= Sisters of St. Francis of Perpetual Adoration =

The Sisters of St. Francis of Perpetual Adoration, also known as the Olpe Sisters, is a Catholic religious institute for women founded in 1863 by Maria Theresia Bonzel in Olpe, Germany. In 1875, they opened St. Elizabeth Hospital in Lafayette, Indiana; now part of Franciscan Health. In 1890, they founded Saint Francis Normal School, a teacher training school; which is now the University of Saint Francis (Indiana).

==History==

Regina Christine Wilhelmine ("Aline") was born on September 17, 1830. In 1851 she became a member of the Third Order Secular of St. Francis, taking the name Maria Theresia. On July 20, 1863, the community at Olpe was approved by the Bishop Konrad Martin of Paderborn as an independent motherhouse. This date is observed as the founding day of the Congregation.

Their first apostolate was the care of orphans. During the war years of 1870–71, the religious sisters from Olpe cared for eight hundred wounded soldiers. Nonetheless, the Kulturkampf, an anticlerical reaction against the Catholic Church, placed convents under government control, and in 1876 the orphanage was closed.

Anticipating further anti-Catholic measures, Mother Maria Theresia accepted the invitation of Bishop Joseph Dwenger of Fort Wayne, Indiana, to send missionary Sisters to work in his diocese. An American branch was founded by six pioneer nuns who emigrated to Lafayette, Indiana in 1875. By the end of the year, they had established a hospital, St. Elizabeth's. St. Anthony's Hospital in Michigan City, Indiana was founded in 1903.
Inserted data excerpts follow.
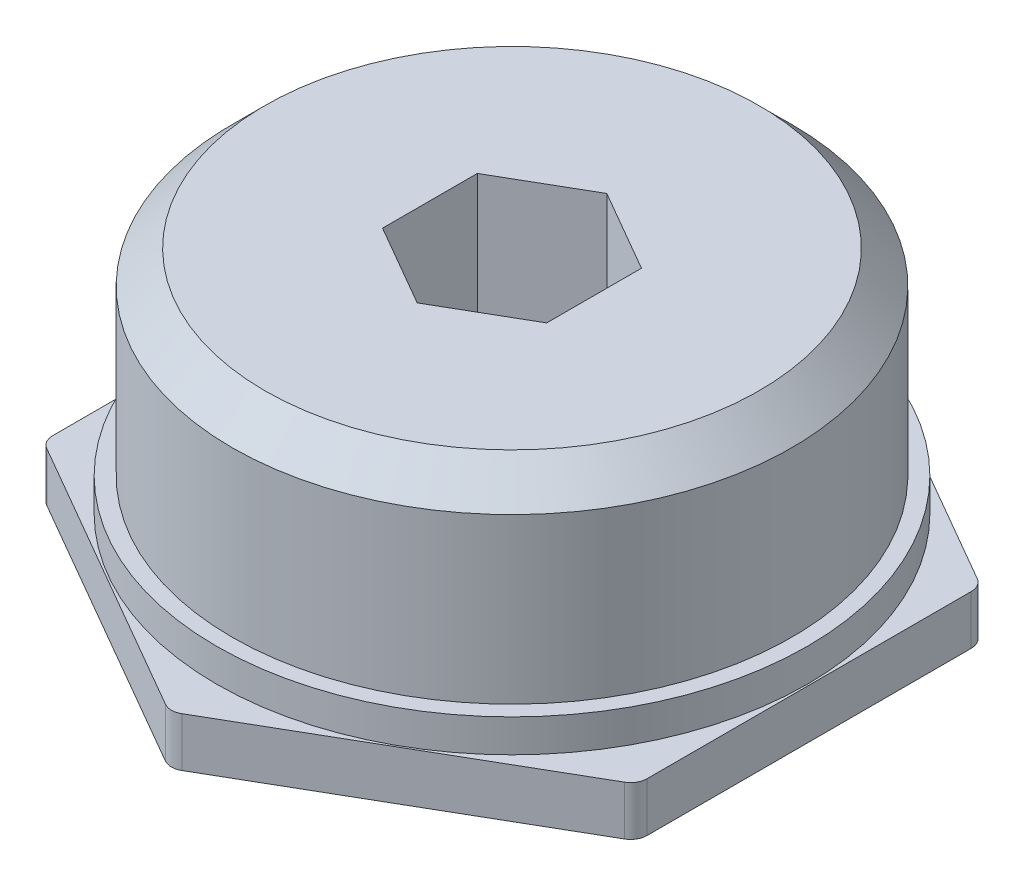
ISO-10303-21;
HEADER;
FILE_DESCRIPTION(('STEP AP214'),'2;1');
FILE_NAME('part.step','',(''),(''),'','','');
FILE_SCHEMA(('AUTOMOTIVE_DESIGN { 1 0 10303 214 1 1 1 1 }'));
ENDSEC;
DATA;
#1=APPLICATION_CONTEXT('core data for automotive mechanical design processes');
#2=APPLICATION_PROTOCOL_DEFINITION('international standard','automotive_design',2000,#1);
#3=PRODUCT_CONTEXT('',#1,'mechanical');
#4=PRODUCT('Part','Part','',(#3));
#5=PRODUCT_RELATED_PRODUCT_CATEGORY('part','',(#4));
#6=PRODUCT_DEFINITION_FORMATION('','',#4);
#7=PRODUCT_DEFINITION_CONTEXT('part definition',#1,'design');
#8=PRODUCT_DEFINITION('design','',#6,#7);
#9=PRODUCT_DEFINITION_SHAPE('','',#8);
#10=(LENGTH_UNIT() NAMED_UNIT(*) SI_UNIT(.MILLI.,.METRE.));
#11=(NAMED_UNIT(*) PLANE_ANGLE_UNIT() SI_UNIT($,.RADIAN.));
#12=(NAMED_UNIT(*) SI_UNIT($,.STERADIAN.) SOLID_ANGLE_UNIT());
#13=UNCERTAINTY_MEASURE_WITH_UNIT(LENGTH_MEASURE(1.E-05),#10,'distance_accuracy_value','');
#14=(GEOMETRIC_REPRESENTATION_CONTEXT(3) GLOBAL_UNCERTAINTY_ASSIGNED_CONTEXT((#13)) GLOBAL_UNIT_ASSIGNED_CONTEXT((#10,
#11,#12)) REPRESENTATION_CONTEXT('',''));
#15=CARTESIAN_POINT('',(0.,0.,0.));
#16=DIRECTION('',(0.,0.,1.));
#17=DIRECTION('',(1.,0.,0.));
#18=AXIS2_PLACEMENT_3D('',#15,#16,#17);
#19=CARTESIAN_POINT('',(0.,31.,0.));
#20=DIRECTION('',(0.,1.,0.));
#21=DIRECTION('',(0.,0.,1.));
#22=AXIS2_PLACEMENT_3D('',#19,#20,#21);
#23=PLANE('',#22);
#24=DIRECTION('',(-0.866025403784439,0.,0.5));
#25=VECTOR('',#24,1.);
#26=CARTESIAN_POINT('',(0.,31.,-10.4500398723322));
#27=LINE('',#26,#25);
#28=CARTESIAN_POINT('',(-0.250000000000002,31.,-10.3057023050348));
#29=VERTEX_POINT('',#28);
#30=CARTESIAN_POINT('',(-8.8,31.,-5.36935750346352));
#31=VERTEX_POINT('',#30);
#32=EDGE_CURVE('E253',#29,#31,#27,.T.);
#33=ORIENTED_EDGE('',*,*,#32,.F.);
#34=CARTESIAN_POINT('',(0.,31.,-9.8726896031426));
#35=DIRECTION('',(0.,1.,0.));
#36=DIRECTION('',(0.,0.,1.));
#37=AXIS2_PLACEMENT_3D('',#34,#35,#36);
#38=CIRCLE('',#37,0.5);
#39=CARTESIAN_POINT('',(0.249999999999997,31.,-10.3057023050348));
#40=VERTEX_POINT('',#39);
#41=EDGE_CURVE('E281',#29,#40,#38,.F.);
#42=ORIENTED_EDGE('',*,*,#41,.T.);
#43=DIRECTION('',(-0.866025403784439,0.,-0.5));
#44=VECTOR('',#43,1.);
#45=CARTESIAN_POINT('',(9.05,31.,-5.22501993616611));
#46=LINE('',#45,#44);
#47=CARTESIAN_POINT('',(8.8,31.,-5.36935750346352));
#48=VERTEX_POINT('',#47);
#49=EDGE_CURVE('E227',#48,#40,#46,.T.);
#50=ORIENTED_EDGE('',*,*,#49,.F.);
#51=CARTESIAN_POINT('',(8.55,31.,-4.9363448015713));
#52=DIRECTION('',(0.,1.,0.));
#53=DIRECTION('',(0.,0.,1.));
#54=AXIS2_PLACEMENT_3D('',#51,#52,#53);
#55=CIRCLE('',#54,0.5);
#56=CARTESIAN_POINT('',(9.05,31.,-4.9363448015713));
#57=VERTEX_POINT('',#56);
#58=EDGE_CURVE('E271',#48,#57,#55,.F.);
#59=ORIENTED_EDGE('',*,*,#58,.T.);
#60=DIRECTION('',(0.,0.,-1.));
#61=VECTOR('',#60,1.);
#62=CARTESIAN_POINT('',(9.05,31.,5.22501993616611));
#63=LINE('',#62,#61);
#64=CARTESIAN_POINT('',(9.05,31.,4.9363448015713));
#65=VERTEX_POINT('',#64);
#66=EDGE_CURVE('E235',#65,#57,#63,.T.);
#67=ORIENTED_EDGE('',*,*,#66,.F.);
#68=CARTESIAN_POINT('',(8.55,31.,4.9363448015713));
#69=DIRECTION('',(0.,1.,0.));
#70=DIRECTION('',(0.,0.,1.));
#71=AXIS2_PLACEMENT_3D('',#68,#69,#70);
#72=CIRCLE('',#71,0.5);
#73=CARTESIAN_POINT('',(8.8,31.,5.36935750346352));
#74=VERTEX_POINT('',#73);
#75=EDGE_CURVE('E273',#65,#74,#72,.F.);
#76=ORIENTED_EDGE('',*,*,#75,.T.);
#77=DIRECTION('',(0.866025403784439,0.,-0.5));
#78=VECTOR('',#77,1.);
#79=CARTESIAN_POINT('',(0.,31.,10.4500398723322));
#80=LINE('',#79,#78);
#81=CARTESIAN_POINT('',(0.249999999999999,31.,10.3057023050348));
#82=VERTEX_POINT('',#81);
#83=EDGE_CURVE('E262',#82,#74,#80,.T.);
#84=ORIENTED_EDGE('',*,*,#83,.F.);
#85=CARTESIAN_POINT('',(0.,31.,9.8726896031426));
#86=DIRECTION('',(0.,1.,0.));
#87=DIRECTION('',(0.,0.,1.));
#88=AXIS2_PLACEMENT_3D('',#85,#86,#87);
#89=CIRCLE('',#88,0.5);
#90=CARTESIAN_POINT('',(-0.249999999999999,31.,10.3057023050348));
#91=VERTEX_POINT('',#90);
#92=EDGE_CURVE('E275',#82,#91,#89,.F.);
#93=ORIENTED_EDGE('',*,*,#92,.T.);
#94=DIRECTION('',(0.866025403784439,0.,0.5));
#95=VECTOR('',#94,1.);
#96=CARTESIAN_POINT('',(-9.05,31.,5.22501993616611));
#97=LINE('',#96,#95);
#98=CARTESIAN_POINT('',(-8.8,31.,5.36935750346352));
#99=VERTEX_POINT('',#98);
#100=EDGE_CURVE('E259',#99,#91,#97,.T.);
#101=ORIENTED_EDGE('',*,*,#100,.F.);
#102=CARTESIAN_POINT('',(-8.55,31.,4.9363448015713));
#103=DIRECTION('',(0.,1.,0.));
#104=DIRECTION('',(0.,0.,1.));
#105=AXIS2_PLACEMENT_3D('',#102,#103,#104);
#106=CIRCLE('',#105,0.5);
#107=CARTESIAN_POINT('',(-9.05,31.,4.9363448015713));
#108=VERTEX_POINT('',#107);
#109=EDGE_CURVE('E277',#99,#108,#106,.F.);
#110=ORIENTED_EDGE('',*,*,#109,.T.);
#111=DIRECTION('',(0.,0.,1.));
#112=VECTOR('',#111,1.);
#113=CARTESIAN_POINT('',(-9.05,31.,-5.22501993616612));
#114=LINE('',#113,#112);
#115=CARTESIAN_POINT('',(-9.05,31.,-4.9363448015713));
#116=VERTEX_POINT('',#115);
#117=EDGE_CURVE('E256',#116,#108,#114,.T.);
#118=ORIENTED_EDGE('',*,*,#117,.F.);
#119=CARTESIAN_POINT('',(-8.55,31.,-4.9363448015713));
#120=DIRECTION('',(0.,1.,0.));
#121=DIRECTION('',(0.,0.,1.));
#122=AXIS2_PLACEMENT_3D('',#119,#120,#121);
#123=CIRCLE('',#122,0.5);
#124=EDGE_CURVE('E279',#116,#31,#123,.F.);
#125=ORIENTED_EDGE('',*,*,#124,.T.);
#126=EDGE_LOOP('',(#33,#42,#50,#59,#67,#76,#84,#93,#101,#110,#118,#125));
#127=FACE_BOUND('',#126,.T.);
#128=DIRECTION('',(-0.866025403784439,0.,-0.5));
#129=VECTOR('',#128,1.);
#130=CARTESIAN_POINT('',(2.5,31.,-1.44337567297407));
#131=LINE('',#130,#129);
#132=CARTESIAN_POINT('',(2.5,31.,-1.44337567297407));
#133=VERTEX_POINT('',#132);
#134=CARTESIAN_POINT('',(0.,31.,-2.88675134594813));
#135=VERTEX_POINT('',#134);
#136=EDGE_CURVE('E59',#133,#135,#131,.T.);
#137=ORIENTED_EDGE('',*,*,#136,.T.);
#138=DIRECTION('',(-0.866025403784439,0.,0.5));
#139=VECTOR('',#138,1.);
#140=CARTESIAN_POINT('',(0.,31.,-2.88675134594813));
#141=LINE('',#140,#139);
#142=CARTESIAN_POINT('',(-2.5,31.,-1.44337567297406));
#143=VERTEX_POINT('',#142);
#144=EDGE_CURVE('E184',#135,#143,#141,.T.);
#145=ORIENTED_EDGE('',*,*,#144,.T.);
#146=DIRECTION('',(0.,0.,1.));
#147=VECTOR('',#146,1.);
#148=CARTESIAN_POINT('',(-2.5,31.,-1.44337567297406));
#149=LINE('',#148,#147);
#150=CARTESIAN_POINT('',(-2.5,31.,1.44337567297407));
#151=VERTEX_POINT('',#150);
#152=EDGE_CURVE('E203',#143,#151,#149,.T.);
#153=ORIENTED_EDGE('',*,*,#152,.T.);
#154=DIRECTION('',(0.866025403784439,0.,0.5));
#155=VECTOR('',#154,1.);
#156=CARTESIAN_POINT('',(-2.5,31.,1.44337567297407));
#157=LINE('',#156,#155);
#158=CARTESIAN_POINT('',(0.,31.,2.88675134594813));
#159=VERTEX_POINT('',#158);
#160=EDGE_CURVE('E206',#151,#159,#157,.T.);
#161=ORIENTED_EDGE('',*,*,#160,.T.);
#162=DIRECTION('',(0.866025403784439,0.,-0.5));
#163=VECTOR('',#162,1.);
#164=CARTESIAN_POINT('',(0.,31.,2.88675134594813));
#165=LINE('',#164,#163);
#166=CARTESIAN_POINT('',(2.5,31.,1.44337567297406));
#167=VERTEX_POINT('',#166);
#168=EDGE_CURVE('E209',#159,#167,#165,.T.);
#169=ORIENTED_EDGE('',*,*,#168,.T.);
#170=DIRECTION('',(0.,0.,-1.));
#171=VECTOR('',#170,1.);
#172=CARTESIAN_POINT('',(2.5,31.,1.44337567297406));
#173=LINE('',#172,#171);
#174=EDGE_CURVE('E178',#167,#133,#173,.T.);
#175=ORIENTED_EDGE('',*,*,#174,.T.);
#176=EDGE_LOOP('',(#137,#145,#153,#161,#169,#175));
#177=FACE_BOUND('',#176,.T.);
#178=ADVANCED_FACE('F43',(#127,#177),#23,.F.);
#179=CARTESIAN_POINT('',(0.,39.5,0.));
#180=DIRECTION('',(0.,1.,0.));
#181=DIRECTION('',(0.,0.,1.));
#182=AXIS2_PLACEMENT_3D('',#179,#180,#181);
#183=PLANE('',#182);
#184=CARTESIAN_POINT('',(0.,39.5,0.));
#185=DIRECTION('',(0.,1.,0.));
#186=DIRECTION('',(0.,0.,1.));
#187=AXIS2_PLACEMENT_3D('',#184,#185,#186);
#188=CIRCLE('',#187,7.52499999999999);
#189=CARTESIAN_POINT('',(0.,39.5,7.52499999999999));
#190=VERTEX_POINT('',#189);
#191=EDGE_CURVE('E52',#190,#190,#188,.T.);
#192=ORIENTED_EDGE('',*,*,#191,.T.);
#193=EDGE_LOOP('',(#192));
#194=FACE_BOUND('',#193,.T.);
#195=DIRECTION('',(-0.866025403784439,0.,0.5));
#196=VECTOR('',#195,1.);
#197=CARTESIAN_POINT('',(0.,39.5,-2.88675134594813));
#198=LINE('',#197,#196);
#199=CARTESIAN_POINT('',(0.,39.5,-2.88675134594813));
#200=VERTEX_POINT('',#199);
#201=CARTESIAN_POINT('',(-2.5,39.5,-1.44337567297406));
#202=VERTEX_POINT('',#201);
#203=EDGE_CURVE('E177',#200,#202,#198,.T.);
#204=ORIENTED_EDGE('',*,*,#203,.F.);
#205=DIRECTION('',(-0.866025403784439,0.,-0.5));
#206=VECTOR('',#205,1.);
#207=CARTESIAN_POINT('',(2.5,39.5,-1.44337567297407));
#208=LINE('',#207,#206);
#209=CARTESIAN_POINT('',(2.5,39.5,-1.44337567297407));
#210=VERTEX_POINT('',#209);
#211=EDGE_CURVE('E169',#210,#200,#208,.T.);
#212=ORIENTED_EDGE('',*,*,#211,.F.);
#213=DIRECTION('',(0.,0.,-1.));
#214=VECTOR('',#213,1.);
#215=CARTESIAN_POINT('',(2.5,39.5,1.44337567297406));
#216=LINE('',#215,#214);
#217=CARTESIAN_POINT('',(2.5,39.5,1.44337567297406));
#218=VERTEX_POINT('',#217);
#219=EDGE_CURVE('E199',#218,#210,#216,.T.);
#220=ORIENTED_EDGE('',*,*,#219,.F.);
#221=DIRECTION('',(0.866025403784439,0.,-0.5));
#222=VECTOR('',#221,1.);
#223=CARTESIAN_POINT('',(0.,39.5,2.88675134594813));
#224=LINE('',#223,#222);
#225=CARTESIAN_POINT('',(0.,39.5,2.88675134594813));
#226=VERTEX_POINT('',#225);
#227=EDGE_CURVE('E197',#226,#218,#224,.T.);
#228=ORIENTED_EDGE('',*,*,#227,.F.);
#229=DIRECTION('',(0.866025403784439,0.,0.5));
#230=VECTOR('',#229,1.);
#231=CARTESIAN_POINT('',(-2.5,39.5,1.44337567297407));
#232=LINE('',#231,#230);
#233=CARTESIAN_POINT('',(-2.5,39.5,1.44337567297407));
#234=VERTEX_POINT('',#233);
#235=EDGE_CURVE('E193',#234,#226,#232,.T.);
#236=ORIENTED_EDGE('',*,*,#235,.F.);
#237=DIRECTION('',(0.,0.,1.));
#238=VECTOR('',#237,1.);
#239=CARTESIAN_POINT('',(-2.5,39.5,-1.44337567297406));
#240=LINE('',#239,#238);
#241=EDGE_CURVE('E191',#202,#234,#240,.T.);
#242=ORIENTED_EDGE('',*,*,#241,.F.);
#243=EDGE_LOOP('',(#204,#212,#220,#228,#236,#242));
#244=FACE_BOUND('',#243,.T.);
#245=ADVANCED_FACE('F189',(#194,#244),#183,.T.);
#246=CARTESIAN_POINT('',(9.05,32.5,-5.22501993616611));
#247=DIRECTION('',(-0.5,0.,0.866025403784439));
#248=DIRECTION('',(0.866025403784439,0.,0.5));
#249=AXIS2_PLACEMENT_3D('',#246,#247,#248);
#250=PLANE('',#249);
#251=ORIENTED_EDGE('',*,*,#49,.T.);
#252=DIRECTION('',(0.,-1.,0.));
#253=VECTOR('',#252,1.);
#254=CARTESIAN_POINT('',(0.249999999999999,32.5,-10.3057023050348));
#255=LINE('',#254,#253);
#256=CARTESIAN_POINT('',(0.249999999999997,32.5,-10.3057023050348));
#257=VERTEX_POINT('',#256);
#258=EDGE_CURVE('E286',#40,#257,#255,.F.);
#259=ORIENTED_EDGE('',*,*,#258,.T.);
#260=DIRECTION('',(-0.866025403784439,0.,-0.5));
#261=VECTOR('',#260,1.);
#262=CARTESIAN_POINT('',(9.05,32.5,-5.22501993616611));
#263=LINE('',#262,#261);
#264=CARTESIAN_POINT('',(8.8,32.5,-5.36935750346352));
#265=VERTEX_POINT('',#264);
#266=EDGE_CURVE('E231',#265,#257,#263,.T.);
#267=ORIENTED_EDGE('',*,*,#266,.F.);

Over the years, the congregation grew and the sisters opened many new hospitals and schools. They also taught in a number of parochial schools. In 1890 the congregation founded Saint Francis Normal School, a teacher training school; it is now the University of Saint Francis (Indiana).

The sisters minister in the United States, Germany, the Philippines and Brazil. American painter Sister Mary Rufinia was a member of the Sisters of St. Francis of Perpetual Adoration.

==Structure==
In 1886 the congregation was formally divided into two provinces, the German and the American. The American has since divided into eastern and western provinces, and another has been established in the Philippines.

- St. Elizabeth of Hungary Province, centered in Germany.
- Immaculate Heart of Mary Province, centered at Mount Alverno provincial house in Mishawaka, Indiana
- Mount Saint Francis educational and skilled nursing facilities in Colorado Springs, Colorado
- St. Joseph Province, centered at Mount Saint Joseph provincial house in Colorado Springs, Colorado
- Immaculate Conception Province, centered in Leyte in the Philippines.

==Present day==
The sisters strive to combine the contemplative life with the active through perpetual adoration and the works of mercy in education, healthcare, and other ecclesial ministries. Members profess vows of poverty, chastity and obedience.

The Sisters of St. Francis of Perpetual Adoration are the founding congregation of Franciscan Health, which operates eleven hospitals serving Indiana and one in Illinois.
The sisters of St. Joseph Province sponsor the non-profit Mount St. Francis Nursing Center in Colorado Springs. The parish of St. Francis of Assisi is located on the grounds of the provincial motherhouse.